The monument stands as witness and information source about the bygone times, being however affected by its passage. Broken, eroded, or destroyed, it survives as disparate fragments. However, as either lost, missing, or fragmentary, the matter of the monument speaks beyond its absence. Researchers can collect clues from monuments or other material artefacts as well as read between the empty spaces of either destroyed or unfinished monuments and objects. They can distinguish between different types of absence and tell if an object or monument had been purposedly broken by a specific tool or by accident, deteriorated in contact with other external agents, or if they are crumbling because of a faulty execution technique or bad choice of materials.
Destruction is, however, ambivalent: it obliterates matter and simultaneously testifies a historic event. The absence can be a proof as strong as presence, while decay can be considered an artefact itself. In the open-air museum of Oradour-sur-Glane, it affirms the trauma and calls for remembering the lost lives. In the village, where life seems to have stopped, decay expands day by day, engulfing the streets, houses and households of the massacred villagers and evoking the absence of the victims.
Furthermore, destruction is something which can be obliterated itself in order to conceal traumatic events. For example, conservation policies of monuments or cities destroyed by war show various approaches in dealing with loss: it can be completely erased by a historically faithful reconstruction or commemorated and marked through symbols, explanatory panels, or by inserting different materials or urban tissues in the reconstruction.
Lastly, destruction can be enacted by those in charge of protecting, studying, and sharing knowledge about the past.
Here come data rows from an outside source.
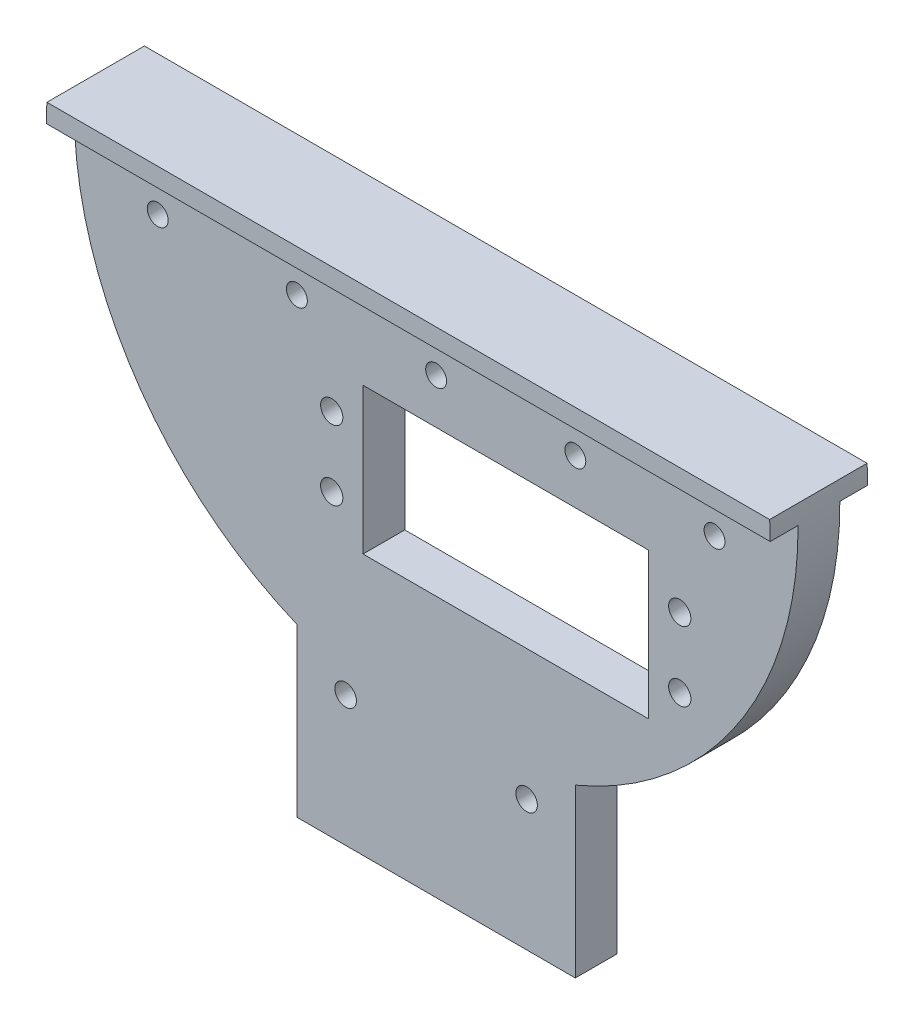
from build123d import *

# Parameters (mm, degrees)
SKETCH_1_R               = 1.6
SKETCH_1_R_2             = 1.5
SKETCH_1_W               = 41
SKETCH_1_H               = 21
EXTRUDE_1_DEPTH          = 14
CUT_EXTRUDE_1_DEPTH      = 87.973011371
CUT_EXTRUDE_1_DEPTH_BACK = 87.973011371
SKETCH_2_W               = 4
SKETCH_2_H               = 20
SKETCH_2_H_2             = 48.3
SKETCH_3_W               = 40
SKETCH_3_H               = 4
EXTRUDE_2_DEPTH          = 6
CUT_EXTRUDE_2_DEPTH      = 74.279789476
CUT_EXTRUDE_2_DEPTH_BACK = 74.279789476
SKETCH_4_R               = 1.55


with BuildPart() as part:
    # 草图1 → 凸台-拉伸1 (new body)
    with BuildSketch(Plane.XY):
        with BuildLine():
            Line((55.461772272, 46.736545732), (-48.365006547, 46.736545732))
            ThreePointArc((-48.365006547, 46.736545732), (-48.408359148, 45.857149327), (-48.436816123, 44.977144959))
            ThreePointArc((-48.436816123, 44.977144959), (-48.447916752, 44.35688949), (-48.451617137, 43.736545732))
            ThreePointArc((-48.451617137, 43.736545732), (-39.718232443, 14.892135528), (-16.451617137, -4.263454268))
            Line((-16.451617137, -4.263454268), (-16.451617137, -8.263454268))
            Line((-16.451617137, -8.263454268), (-16.451617137, -24.263454268))
            Line((-16.451617137, -24.263454268), (23.548382863, -24.263454268))
            Line((23.548382863, -24.263454268), (23.548382863, -8.263454268))
            Line((23.548382863, -8.263454268), (23.548382863, -4.263454268))
            ThreePointArc((23.548382863, -4.263454268), (46.814998168, 14.892135528), (55.548382863, 43.736545732))
            ThreePointArc((55.548382863, 43.736545732), (55.526725705, 45.237170718), (55.461772272, 46.736545732))
        make_face()
        with Locations((-11.451617137, 14.736545732)):
            Circle(SKETCH_1_R, mode=Mode.SUBTRACT)
        with Locations((-11.451617137, 24.736545732)):
            Circle(SKETCH_1_R, mode=Mode.SUBTRACT)
        with Locations((-36.451617137, 36.736545732)):
            Circle(SKETCH_1_R_2, mode=Mode.SUBTRACT)
        with Locations((-16.451617137, 36.736545732)):
            Circle(SKETCH_1_R_2, mode=Mode.SUBTRACT)
        with Locations((13.548382863, 19.736545732)):
            Rectangle(SKETCH_1_W, SKETCH_1_H, mode=Mode.SUBTRACT)
        with Locations((38.548382863, 14.736545732)):
            Circle(SKETCH_1_R, mode=Mode.SUBTRACT)
        with Locations((38.548382863, 24.736545732)):
            Circle(SKETCH_1_R, mode=Mode.SUBTRACT)
        with Locations((3.548382863, 36.736545732)):
            Circle(SKETCH_1_R_2, mode=Mode.SUBTRACT)
        with Locations((23.548382863, 36.736545732)):
            Circle(SKETCH_1_R_2, mode=Mode.SUBTRACT)
        with Locations((43.548382863, 36.736545732)):
            Circle(SKETCH_1_R_2, mode=Mode.SUBTRACT)
    extrude(amount=EXTRUDE_1_DEPTH)

    # 草图2 → 切除-拉伸1 (cut, two sides: drawn at the far end of the back side and taken through both)
    with BuildSketch(Plane(origin=(23.548382863, 0, 0), x_dir=(0, 0, -1), z_dir=(1, 0, 0)).offset(-CUT_EXTRUDE_1_DEPTH_BACK)):
        with Locations((-12, -14.263454268)):
            Rectangle(SKETCH_2_W, SKETCH_2_H)
        with Locations((-12, 19.886545732)):
            Rectangle(SKETCH_2_W, SKETCH_2_H_2)
        with Locations((-2, 19.886545732)):
            Rectangle(SKETCH_2_W, SKETCH_2_H_2)
        with Locations((-2, -14.263454268)):
            Rectangle(SKETCH_2_W, SKETCH_2_H)
    extrude(amount=CUT_EXTRUDE_1_DEPTH + CUT_EXTRUDE_1_DEPTH_BACK, mode=Mode.SUBTRACT)

    # 草图3 → 凸台-拉伸2 (add)
    with BuildSketch(Plane(origin=(0, 0, 4), x_dir=(-1, 0, 0), z_dir=(0, 0, -1))):
        with Locations((-3.548382863, -26.263454268)):
            Rectangle(SKETCH_3_W, SKETCH_3_H)
    extrude(amount=-EXTRUDE_2_DEPTH)

    # 草图4 → 切除-拉伸2 (cut, two sides: drawn at the far end of the back side and taken through both)
    with BuildSketch(Plane(origin=(0, 0, 4), x_dir=(-1, 0, 0), z_dir=(0, 0, -1)).offset(-CUT_EXTRUDE_2_DEPTH_BACK)):
        with Locations((-16.548382863, -9.513454268)):
            Circle(SKETCH_4_R)
        with Locations((9.451617137, -9.513454268)):
            Circle(SKETCH_4_R)
    extrude(amount=CUT_EXTRUDE_2_DEPTH + CUT_EXTRUDE_2_DEPTH_BACK, mode=Mode.SUBTRACT)


solid = part.part

For example, the erasure of later historic and contemporary settlement layers is the only way to access ancient heritage. A notorious example is the case of the Ancient Agora in Athens, where the last demolition took place in autumn 2022, and which had been covered by the neoclassical neighborhood of Vrysaki. The controversial expropriation of the inhabitants and radical intervention in the urban structure raise questions about legitimacy of the knowledge obtained through destruction.